Solved – PCA on returns or levels

MATLABpca

I am doing a PCA on a few economic indices (which I standardized) (24 timeseries). When doing the PCA on the values/level of the index, I get rather similar loadings on each index, which I think is good, as no one should dominate. However when I run it on the returns of these standardized indices, the loadings are much more extreme on 1 or 2 and almost none for the rest.

Also when doing PCA on both levels and returns, I only get non negligible loadings on the levels!

What is the interpretation of this, how are these different results possible?

Additional info: I am doing it in matlab with the princomp function

Best Answer

The most common approach is to apply PCA to the covariance (or correlation) matrix of the log changes in the data. It would not matter in this case if you indexed the data. In this case, you would be attempting to find the eigenvectors that explain the most of the variance of the underlying data. The purpose of this dimension reduction is usually to focus on the key factors and improve estimation of the covariance matrix.

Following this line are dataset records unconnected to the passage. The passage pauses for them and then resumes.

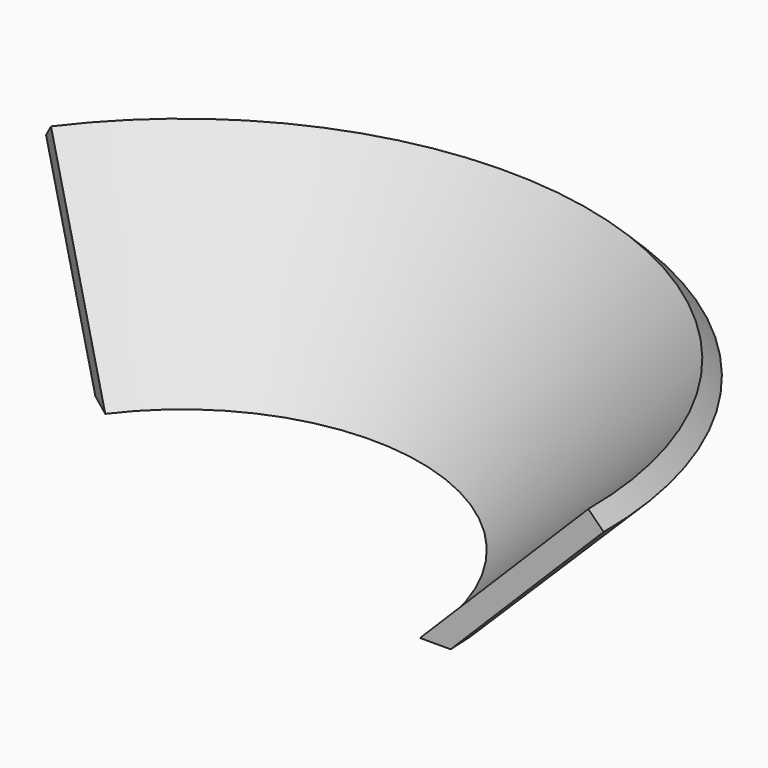
from build123d import *

# Parameters (mm, degrees)
F1_ANGLE = 143.2394
F2_SCALE = 10


# Not quite as in the source:
# - a feature names something its author has since deleted; it is built from what else it names


with BuildPart() as f1:
    # F0 (on Front) → F1 (revolve)
    with BuildSketch(Plane.XZ):
        Polygon((24.8284271247, 1.4142135624), (38.9705627485, 15.5563491861), (37.5563491861, 16.9705627485), (22, 1.4142135624), align=None)
    revolve(axis=Axis((0, 0, 11), (0, 0, 1)), revolution_arc=F1_ANGLE)


with BuildPart() as f1_1:
    # F2: moved
    add(f1.part.scale(F2_SCALE).moved(Location((-338.0071426749, 0, -152.7350647363))))


solid = f1_1.part
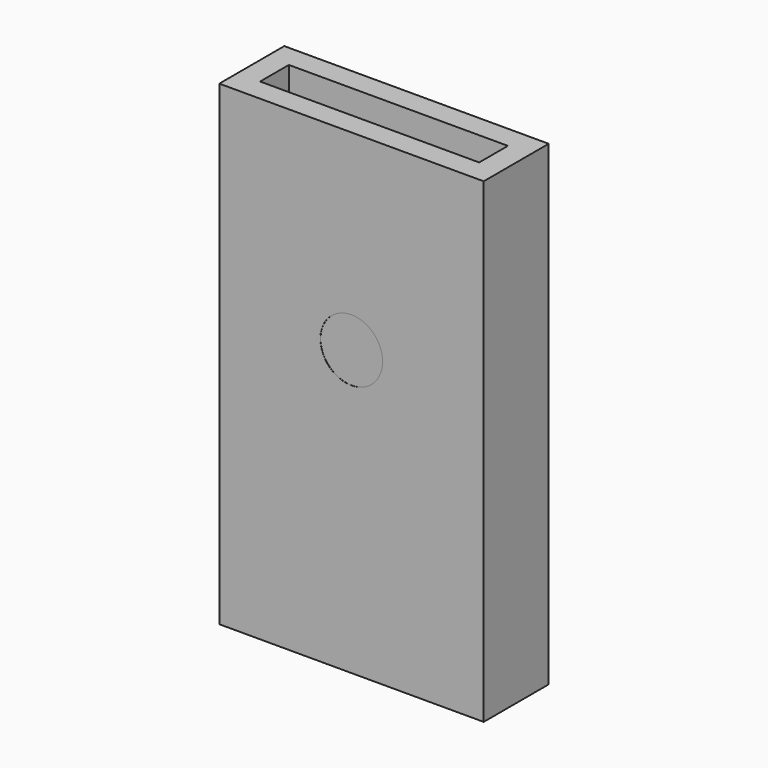
from build123d import *

# Parameters (mm, degrees)
F0_W     = 127
F0_H     = 39.0351824462
F1_DEPTH = 228.6
F2_T     = -10.8857142857
F3_R     = 14.9416499322
F4_DEPTH = 0.0762


# Not quite as in the source:
# - a length typed as a fraction of an inch, garbled in the dataset ("3 / 203.2 mm" for 3/8 in), is restored


with BuildPart() as f1:
    # F0 (on Top) → F1 (new body)
    with BuildSketch(Plane.XY):
        Rectangle(F0_W, F0_H)
    extrude(amount=F1_DEPTH)

    # F2
    f2_openings = [f1.faces().sort_by_distance(p)[0] for p in [
        (0, 0, 228.6),
    ]]
    offset(amount=F2_T, openings=f2_openings)

    # F3 (on face) → F4 (cut)
    with BuildSketch(Plane.XZ.offset(19.5175912231)):
        with Locations((0, 136.5711838007)):
            Circle(F3_R)
    extrude(amount=-F4_DEPTH, mode=Mode.SUBTRACT)


solid = f1.part
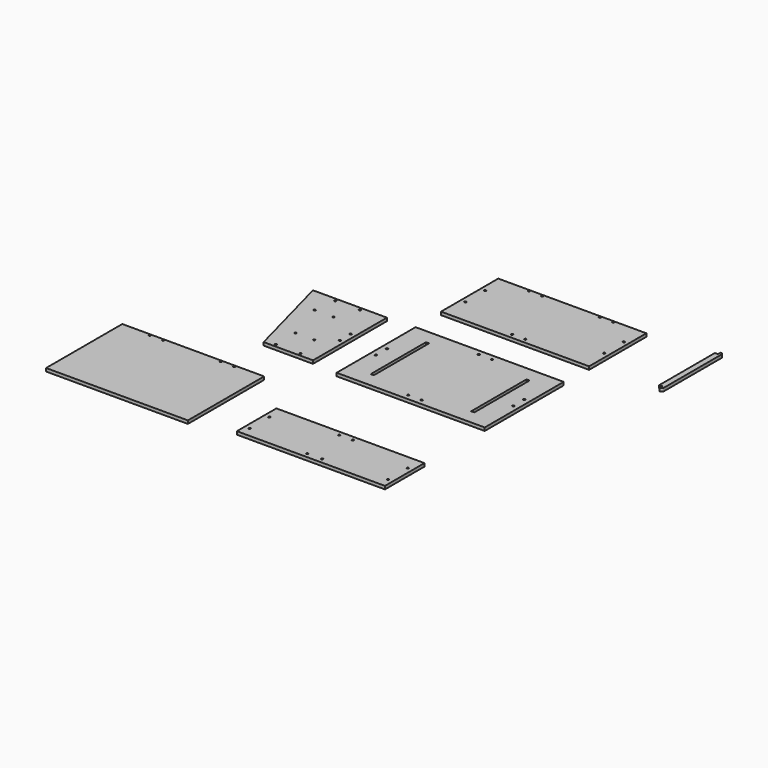
from build123d import *

# Parameters (mm, degrees)
F1_R     = 2
F4_DEPTH = 6.35
F0_R     = 2
F3_R     = 2
F2_R     = 2
F5_DEPTH = 6.35
F6_R     = 2
F7_DEPTH = 6.35


# Not quite as in the source:
# - a feature names something its author has since deleted; it is built from what else it names


with BuildPart() as f4:
    # F1 (on Top) → F4 (new body)
    with BuildSketch(Plane.XY):
        Polygon((1.8228454292, -180.5016371835), (-119.6771545708, -180.5016371835), (-119.6771545708, -210.5016371835), (-119.6771545708, -260.5016371835), (-119.6771545708, -280.5016371835), (30.3228454292, -280.5016371835), (180.3228454292, -280.5016371835), (180.3228454292, -180.5016371835), (58.8228454292, -180.5016371835), (28.8228454292, -180.5016371835), (15.3228454292, -180.5016371835), align=None)
        with Locations((-109.8271545708, -260.5016371835)):
            Circle(F1_R, mode=Mode.SUBTRACT)
        with Locations((15.3228454292, -271.0016371835)):
            Circle(F1_R, mode=Mode.SUBTRACT)
        with Locations((45.0311610582, -270.556012449)):
            Circle(F1_R, mode=Mode.SUBTRACT)
        with Locations((170.4728454292, -260.5016371835)):
            Circle(F1_R, mode=Mode.SUBTRACT)
        with Locations((-109.8271545708, -210.5016371835)):
            Circle(F1_R, mode=Mode.SUBTRACT)
        with Locations((15.3228454292, -190.0016371835)):
            Circle(F1_R, mode=Mode.SUBTRACT)
        with Locations((170.4728454292, -210.5016371835)):
            Circle(F1_R, mode=Mode.SUBTRACT)
        with Locations((42.6017076852, -189.5924542496)):
            Circle(F1_R, mode=Mode.SUBTRACT)
    extrude(amount=F4_DEPTH)


with BuildPart() as f4b:
    # F0 (on Top) → F4, piece 2 (new body)
    with BuildSketch(Plane.XY):
        Polygon((28.5, 174.3550467463), (-121.5, 174.3550467463), (-121.5, 88.3550467463), (-121.5, 60.3550467463), (-121.5, -25.6449532537), (0, -25.6449532537), (57, -25.6449532537), (178.5, -25.6449532537), (178.5, 174.3550467463), align=None)
        with Locations((-110.65, 60.3550467463)):
            Circle(F0_R, mode=Mode.SUBTRACT)
        Polygon((-76.5, 144.3550467463), (-70.15, 144.3550467463), (-70.15, 4.3550467463), (-76.5, 4.3550467463), (-76.5, 44.3550467463), (-76.5, 74.3550467463), align=None, mode=Mode.SUBTRACT)
        with Locations((15, -14.7949532537)):
            Circle(F0_R, mode=Mode.SUBTRACT)
        with Locations((42, -14.7949532537)):
            Circle(F0_R, mode=Mode.SUBTRACT)
        with Locations((-110.65, 88.3550467463)):
            Circle(F0_R, mode=Mode.SUBTRACT)
        with BuildLine():
            ThreePointArc((17, 163.5050467463), (13.5857864376, 162.0908331839), (15, 165.5050467463))
            ThreePointArc((15, 165.5050467463), (16.4142135624, 164.9192603087), (17, 163.5050467463))
        make_face(mode=Mode.SUBTRACT)
        with Locations((42, 163.5050467463)):
            Circle(F0_R, mode=Mode.SUBTRACT)
        Polygon((127.15, 4.3550467463), (127.15, 144.3550467463), (133.5, 144.3550467463), (133.5, 74.3550467463), (133.5, 44.3550467463), (133.5, 4.3550467463), align=None, mode=Mode.SUBTRACT)
        with Locations((167.65, 60.3550467463)):
            Circle(F0_R, mode=Mode.SUBTRACT)
        with Locations((167.65, 88.3550467463)):
            Circle(F0_R, mode=Mode.SUBTRACT)
    extrude(amount=F4_DEPTH)

    # F0 (on Top) → F5 (join)
    with BuildSketch(Plane.XY):
        Polygon((28.5, 174.3550467463), (-121.5, 174.3550467463), (-121.5, 88.3550467463), (-121.5, 60.3550467463), (-121.5, -25.6449532537), (0, -25.6449532537), (57, -25.6449532537), (178.5, -25.6449532537), (178.5, 174.3550467463), align=None)
        with Locations((-110.65, 60.3550467463)):
            Circle(F0_R, mode=Mode.SUBTRACT)
        Polygon((-76.5, 144.3550467463), (-70.15, 144.3550467463), (-70.15, 4.3550467463), (-76.5, 4.3550467463), (-76.5, 44.3550467463), (-76.5, 74.3550467463), align=None, mode=Mode.SUBTRACT)
        with Locations((15, -14.7949532537)):
            Circle(F0_R, mode=Mode.SUBTRACT)
        with Locations((42, -14.7949532537)):
            Circle(F0_R, mode=Mode.SUBTRACT)
        with Locations((-110.65, 88.3550467463)):
            Circle(F0_R, mode=Mode.SUBTRACT)
        with BuildLine():
            ThreePointArc((17, 163.5050467463), (13.5857864376, 162.0908331839), (15, 165.5050467463))
            ThreePointArc((15, 165.5050467463), (16.4142135624, 164.9192603087), (17, 163.5050467463))
        make_face(mode=Mode.SUBTRACT)
        with Locations((42, 163.5050467463)):
            Circle(F0_R, mode=Mode.SUBTRACT)
        Polygon((127.15, 4.3550467463), (127.15, 144.3550467463), (133.5, 144.3550467463), (133.5, 74.3550467463), (133.5, 44.3550467463), (133.5, 4.3550467463), align=None, mode=Mode.SUBTRACT)
        with Locations((167.65, 60.3550467463)):
            Circle(F0_R, mode=Mode.SUBTRACT)
        with Locations((167.65, 88.3550467463)):
            Circle(F0_R, mode=Mode.SUBTRACT)
    extrude(amount=F5_DEPTH)


with BuildPart() as f4c:
    # F3 (on Top) → F4, piece 3 (new body)
    with BuildSketch(Plane.XY):
        Polygon((-46.8814379573, 386.040173464), (-123.3814379573, 386.040173464), (-123.3814379573, 341.040173464), (-123.3814379573, 336.040173464), (-123.3814379573, 291.040173464), (-123.3814379573, 286.040173464), (-123.3814379573, 241.040173464), (-1.8814379573, 241.040173464), (13.1185620427, 241.040173464), (26.6185620427, 241.040173464), (40.1185620427, 241.040173464), (55.1185620427, 241.040173464), (176.6185620427, 241.040173464), (176.6185620427, 386.040173464), (-19.8814379573, 386.040173464), (-31.8814379573, 386.040173464), align=None)
        with Locations((13.1185620427, 250.540173464)):
            Circle(F3_R, mode=Mode.SUBTRACT)
        with Locations((-114.0314379573, 291.040173464)):
            Circle(F3_R, mode=Mode.SUBTRACT)
        with Locations((40.1185620427, 250.540173464)):
            Circle(F3_R, mode=Mode.SUBTRACT)
        with Locations((167.2685620427, 291.040173464)):
            Circle(F3_R, mode=Mode.SUBTRACT)
        with Locations((-114.0314379573, 341.040173464)):
            Circle(F3_R, mode=Mode.SUBTRACT)
        with Locations((-58.8814379573, 383.040173464)):
            Circle(F3_R, mode=Mode.SUBTRACT)
        with BuildLine():
            ThreePointArc((-33.8814379573, 383.040173464), (-33.2956515197, 384.4543870263), (-31.8814379573, 385.040173464))
            ThreePointArc((-31.8814379573, 385.040173464), (-30.4672243949, 384.4543870263), (-29.8814379573, 383.040173464))
            ThreePointArc((-29.8814379573, 383.040173464), (-30.4672243949, 381.6259599016), (-31.8814379573, 381.040173464))
            ThreePointArc((-31.8814379573, 381.040173464), (-33.2956515197, 381.6259599016), (-33.8814379573, 383.040173464))
        make_face(mode=Mode.SUBTRACT)
        with Locations((167.2685620427, 341.040173464)):
            Circle(F3_R, mode=Mode.SUBTRACT)
        with Locations((85.1185620427, 383.040173464)):
            Circle(F3_R, mode=Mode.SUBTRACT)
        with Locations((112.1185620427, 383.040173464)):
            Circle(F3_R, mode=Mode.SUBTRACT)
    extrude(amount=F4_DEPTH)


with BuildPart() as f4d:
    # F2 (on Top) → F4, piece 4 (new body)
    with BuildSketch(Plane.XY):
        Polygon((-282.6041665554, 171.5612447582), (-327.3041665554, 171.5612447582), (-277.3041665554, -15.7387552418), (-257.3041665554, -15.7387552418), (-207.3041665554, -15.7387552418), (-177.3041665554, -15.7387552418), (-177.3041665554, 64.2612447582), (-177.3041665554, 91.5612447582), (-177.3041665554, 171.5612447582), (-208.6041665554, 171.5612447582), (-227.3041665554, 171.5612447582), (-244.6041665554, 171.5612447582), (-246.6041665554, 171.5612447582), (-277.3041665554, 171.5612447582), align=None)
        with Locations((-257.3041665554, -9.7387552418)):
            Circle(F2_R, mode=Mode.SUBTRACT)
        with Locations((-207.3041665554, -9.7387552418)):
            Circle(F2_R, mode=Mode.SUBTRACT)
        with Locations((-257.4761807919, 40.2612447582)):
            Circle(F2_R, mode=Mode.SUBTRACT)
        with Locations((-219.4761807919, 40.2612447582)):
            Circle(F2_R, mode=Mode.SUBTRACT)
        with Locations((-186.8041665554, 64.2612447582)):
            Circle(F2_R, mode=Mode.SUBTRACT)
        with Locations((-186.8041665554, 91.5612447582)):
            Circle(F2_R, mode=Mode.SUBTRACT)
        with Locations((-282.6041665554, 120.2612447582)):
            Circle(F2_R, mode=Mode.SUBTRACT)
        with Locations((-244.6041665554, 120.2612447582)):
            Circle(F2_R, mode=Mode.SUBTRACT)
        with Locations((-277.3041665554, 165.5612447582)):
            Circle(F2_R, mode=Mode.SUBTRACT)
        with Locations((-227.3041665554, 165.5612447582)):
            Circle(F2_R, mode=Mode.SUBTRACT)
    extrude(amount=F4_DEPTH)


with BuildPart() as f5:
    # F0 (on Top) → F5, piece 2 (new body)
    with BuildSketch(Plane.XY):
        with BuildLine():
            Line((309.8231719379, 400.8808784962), (303.4731719379, 400.8808784962))
            Line((303.4731719379, 400.8808784962), (303.4731719379, 260.0808784962))
            Line((303.4731719379, 260.0808784962), (309.8231719379, 260.0808784962))
            Line((309.8231719379, 260.0808784962), (309.8231719379, 253.0808784962))
            ThreePointArc((309.8231719379, 253.0808784962), (313.3587058439, 254.5453445902), (314.8231719379, 258.0808784962))
            Line((314.8231719379, 258.0808784962), (314.8231719379, 402.8808784962))
            ThreePointArc((314.8231719379, 402.8808784962), (313.3587058439, 406.4164124021), (309.8231719379, 407.8808784962))
            Line((309.8231719379, 407.8808784962), (309.8231719379, 400.8808784962))
        make_face()
    extrude(amount=F5_DEPTH)


with BuildPart() as f7:
    # F6 (on Top) → F7 (new body)
    with BuildSketch(Plane.XY):
        Polygon((-405.4018942118, -107.0475112595), (-490.5518942118, -107.0475112595), (-490.5518942118, -300.0475112595), (-203.2518942118, -300.0475112595), (-203.2518942118, -107.0475112595), (-346.9018942118, -107.0475112595), (-378.4018942118, -107.0475112595), align=None)
        with Locations((-432.4018942118, -110.0475112595)):
            Circle(F6_R, mode=Mode.SUBTRACT)
        with Locations((-405.4018942118, -110.0475112595)):
            Circle(F6_R, mode=Mode.SUBTRACT)
        with Locations((-288.4018942118, -110.0475112595)):
            Circle(F6_R, mode=Mode.SUBTRACT)
        with Locations((-261.4018942118, -110.0475112595)):
            Circle(F6_R, mode=Mode.SUBTRACT)
    extrude(amount=F7_DEPTH)


solid = Compound([f4.part, f4b.part, f4c.part, f4d.part, f5.part, f7.part])

If you are dealing with data that has very different variances, then it is possible for the first eigenvalue to be dominated by the high variance variables. This is especially true if you are working with some data that you should take the log of (like equities or GDP) and data that you probably shouldn't take the log of (some confidence indicators that are bound between 0 and 100, interest rates). In this case, it can be helpful to take the PCA on the correlation matrix, which removes the impact of differing variances between variables. However, care should be taken when constructing factors based on these eigenvectors (instead of multiplying the returns by the eigenvectors, you would multiply the z-score of the returns by the eigenvectors to obtain uncorrelated factors).

That's not to say that it is unreasonable to apply PCA to levels. It is possible to apply PCA on levels and consider the eigenvectors as potentially cointegrating vectors. So you can construct factors and apply cointegration tests to the factors and include them in an ECM if significant.

So it depends on what you're trying to accomplish, but the most people apply PCA to the returns.